For what concerns public scrutiny, there must be sufficient scrutiny into an investigation or its results to secure accountability in practice or in theory. However, the victim’s next of kin need to be involved in the investigation, which however does not mean that the investigative authorities need to satisfy every request of the next of kin.

 

 

Conclusions

 

From all the above and without conducting a detailed analysis of the overall case files, two issues at first seem to be relevant from the point of view of the ECHR jurisprudence.

 

The first is the fact that the investigation in the case of the murder of Slavko Curuvija did not start before 2013, i.e. 14 years after his murder. Serbia ratified the European Convention in 2004, the investigation started almost 10 years later.
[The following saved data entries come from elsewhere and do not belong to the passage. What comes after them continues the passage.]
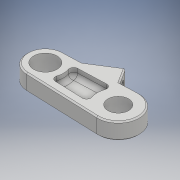
# Autodesk Inventor part: INVENTOR WORKSHOP
Saved by Autodesk Inventor 2017 (Build 210142000, 142)
## iProperties
Created: 2019-09-23
Part Number: INVENTOR WORKSHOP
Material: Generic
Document SubType Name: Modeling
Designer: Manan
Density: 1 g/cm^3
Appearance: Default
Author: Manan
Autodesk Inventor part; units mm, degrees
ref_plane "YZ Plane" through (0, 0, 0) normal (1, 0, 0) x (0, 1, 0)
ref_plane "XZ Plane" through (0, 0, 0) normal (0, 1, 0) x (-1, 0, 0)
ref_plane "XY Plane" through (0, 0, 0) normal (0, 0, 1) x (1, 0, 0)
sketch "Sketch1" plane through (0, 0, 0) normal (0, 0, 1) x (1, 0, 0)
  line L0 (-14, 0) -> (14, 0) construction
  line L1 (-14.25, 6.9955) -> (13.7143, 7.9949)
  line L2 (13.7143, -7.9949) -> (-14.25, -6.9955)
  arc A0 (-14.25, 6.9955) -> (-14.25, -6.9955) centre (-14, 0) ccw
  arc A1 (13.7143, -7.9949) -> (13.7143, 7.9949) centre (14, 0) ccw
  line L3 (-7.032, 7.2535) -> (3.1108, 13.6663)
  line L4 (3.1108, 13.6663) -> (6.8515, 7.7496)
  line L5 (4.9811, 10.708) -> (-0.0902, 7.5016) construction
  point P0 (0, 0)
  point P1 (0, 0)
  dimension "d0" = 8
  dimension "d1" = 7
  dimension "d2" = 28
  dimension "d3" = 12
  dimension "d4" = 7
  dimension "d5" = 3.5
  dimension "d6" = 14
  constraints: 14 end point, 4 point on circle, 4 tangent, 3 point on line, 2 centre point, 2 midpoint, 1 coincident, 1 horizontal, 1 parallel, 1 perpendicular
  measures "d0" radius of A1
  measures "d1" radius of A0
  measures "d2" distance of L0.start L0.end
  measures "d3" distance of L3.start L3.end
  measures "d4" distance of L3.end L4.end
  measures "d5" distance of L4.end L5.start
  measures "d6" distance of L0.end L5.start
extrude "Extrusion1" add sketch "Sketch1" along normal mid plane 6.35
hole "Hole1" at (14, 0, 3.175) direction (0, 0, -1) diameter 7.9375 end through all
hole "Hole2" at (-14, 0, 3.175) direction (0, 0, -1) diameter 9 end through all clearance for "Flat Head Machine Screw" size "M8" standard "Ansi Metric M Profile"
sketch "Sketch2" plane through (3.1108, 13.6663, 3.175) normal (0.8452325, 0.5343988, 0) x (0, 0, -1)
  point P0 (3.175, -9.8888)
sketch "Sketch3" plane through (3.1108, 13.6663, 3.175) normal (0.8452325, 0.5343988, 0) x (0, 0, -1)
  line L0 (0, -7) -> (0, 0) construction
  line L1 (0, -3.5) -> (6.35, -3.5) construction
  line L2 (6.35, 0) -> (6.35, -7) construction
  line L3 (6.35, 0) -> (0, 0) construction
  line L4 (3.175, 0) -> (3.175, -7) construction
  line L5 (6.35, -7) -> (0, -7) construction
  point P0 (3.175, -9.8888)
  point P1 (3.175, -3.5)
  constraints: 5 midpoint, 4 end point
hole "Hole3" at (4.9811, 10.708, 0) direction (-0.8452325, -0.5343988, 0) diameter 2.487 depth 5 tip angle 118 thread size "5-40 UNC" class "2B" standard "ANSI Unified Screw Threads"
sketch "Sketch4" plane through (0, 0, 3.175) normal (0, 0, 1) x (1, 0, 0)
  circle A0 centre (-14, 0) radius 4.5 projected
  circle A1 centre (14, 0) radius 3.9687 projected
  line L0 (6.8515, 7.7496) -> (3.1108, 13.6663) projected
  line L1 (3.1108, 13.6663) -> (-7.032, 7.2535) projected
  line L2 (-7.032, 7.2535) -> (-14.25, 6.9955) projected
  arc A2 (-14.25, 6.9955) -> (-14.25, -6.9955) centre (-14, 0) ccw projected
  line L3 (-14.25, -6.9955) -> (13.7143, -7.9949) projected
  arc A3 (13.7143, -7.9949) -> (13.7143, 7.9949) centre (14, 0) ccw projected
  line L4 (13.7143, 7.9949) -> (6.8515, 7.7496) projected
  line L5 (7.5804, -4.7738) -> (-8.402, -4.2026)
  arc A4 (-8.402, -4.2026) -> (-8.402, 4.2026) centre (-14, 0) ccw
  arc A5 (7.5804, 4.7738) -> (7.5804, -4.7738) centre (14, 0) ccw
  line L6 (-8.402, 4.2026) -> (7.5804, 4.7738)
  point P0 (0, 0)
  dimension "d35" = 3
  dimension "d36" = 3
  constraints: 6 end point, 5 point on circle, 2 centre point, 2 coincident, 2 concentric
  measures "d35" distance between parallel lines of L2 L6
  measures "d36" distance between parallel lines of L3 L5
extrude "Extrusion2" cut sketch "Sketch4" against normal blind 3.175 contours L5 A4 L6 A5
fillet "Fillet1" radius 1.5875 8 edges at (6, 0, 0) (7.5804, 4.7738, 1.5875) (-0.4108, 4.4882, 0) (-8.402, 4.2026, 1.5875) (-7, 0, 0) (-0.4108, -4.4882, 0) (7.5804, -4.7738, 1.5875) (-8.402, -4.2026, 1.5875)
chamfer "Chamfer1" distance 0.5 angle 45 14 edges at (-1.9606, 10.4599, -3.175) (-1.9606, 10.4599, 3.175) (-10.641, 7.1245, -3.175) (-21, 0, -3.175) (-0.2679, -7.4952, -3.175) (22, 0, -3.175) (10.2829, 7.8723, -3.175) (-10.641, 7.1245, 3.175) (-21, 0, 3.175) (-0.2679, -7.4952, 3.175) (22, 0, 3.175) (10.2829, 7.8723, 3.175) (4.9811, 10.708, -3.175) (4.9811, 10.708, 3.175)
fillet "Fillet2" radius 1 1 edges at (3.1108, 13.6663, 0)
fillet "Fillet3" radius 3.175 1 edges at (-7.032, 7.2535, 0)
body "Solid1"

This gap of almost 10 years appears difficult to justify. It is even more difficult to justify for the other cases where no progress seems to be taking place.

 

The second is the difficulty in finding the masterminds of such crimes and the fact that the current investigation is covering only the persons who organised and carried out the murders. All evidence seems to point to the political leaders at that time, namely Slobodan Milosevic and his wife Mira Markovic, yet their names are not mentioned at all in the current proceedings, nor they are mentioned in other similar proceedings. This is a very important element to take into account as it shows the limits of the current approach which seeks the prosecution of the state security operatives and of the hitman. The limits of this approach are mostly determined by the context in Serbia where, for instance, even the president of the Commission in charge of investigating the murder of journalist has received death threats  and so did the police officer  leading the investigation.

 

It is unclear whether prosecution will achieve its goals and whether the public will be able to know all the details surrounding the murder of Slavko Ćuruvija and of the other journalists.

 

In the case of Daphne Caruana Galizia, the report  on her murder and the relevant lessons learned  suggest an approach that could complement the criminal prosecution and integrate its shortcomings as it would present a wider picture that is not emerging from the current prosecution in Serbia. Drawing again the parallel with transitional justice, where the prosecution of war criminals can easily coexist with truth seeking initiatives like truth commissions, in a similar way a public inquiry could better explain the situation around the murders including the role of the political leadership at that time, while criminal justice would sanction the organisers and perpetrators. A similar commission of inquiry does not exist in today’s Serbia: in my understanding, the existing body like the Commission to investigate the murder of journalists has a different role, i.e. that of facilitating the investigations by the competent authorities while at the same time keeping a form of pressure on them by maintaining the issue alive in Serbia’s society.

 

The question remains whether such public inquiry is possible. In Malta, the emotions and public frustration together with international pressure were key to generate the momentum that led to the establishment of the public inquiry. More importantly, all developments in Malta took place in the period immediately after the murder. In Serbia the situation appears to be different: while for instance the investigation into the murders of journalists features in the EU progress reports  and there is some international attention, I am personally more sceptical about whether there could be some public pressure on the government to further clarify these issues. Experience tells that public protests, even if frequent, they soon run out of steam and very often the government is simply waiting them out, even in cases where large parts of society are mobilised and NGOs conducted active campaigns. Especially with the current government, it seems difficult to generate the momentum for a tectonic change as it would require to discover the truth about the murder of journalists: in this case, it appears more productive to conduct an intensive, day by day fight for incremental progress in the different investigations.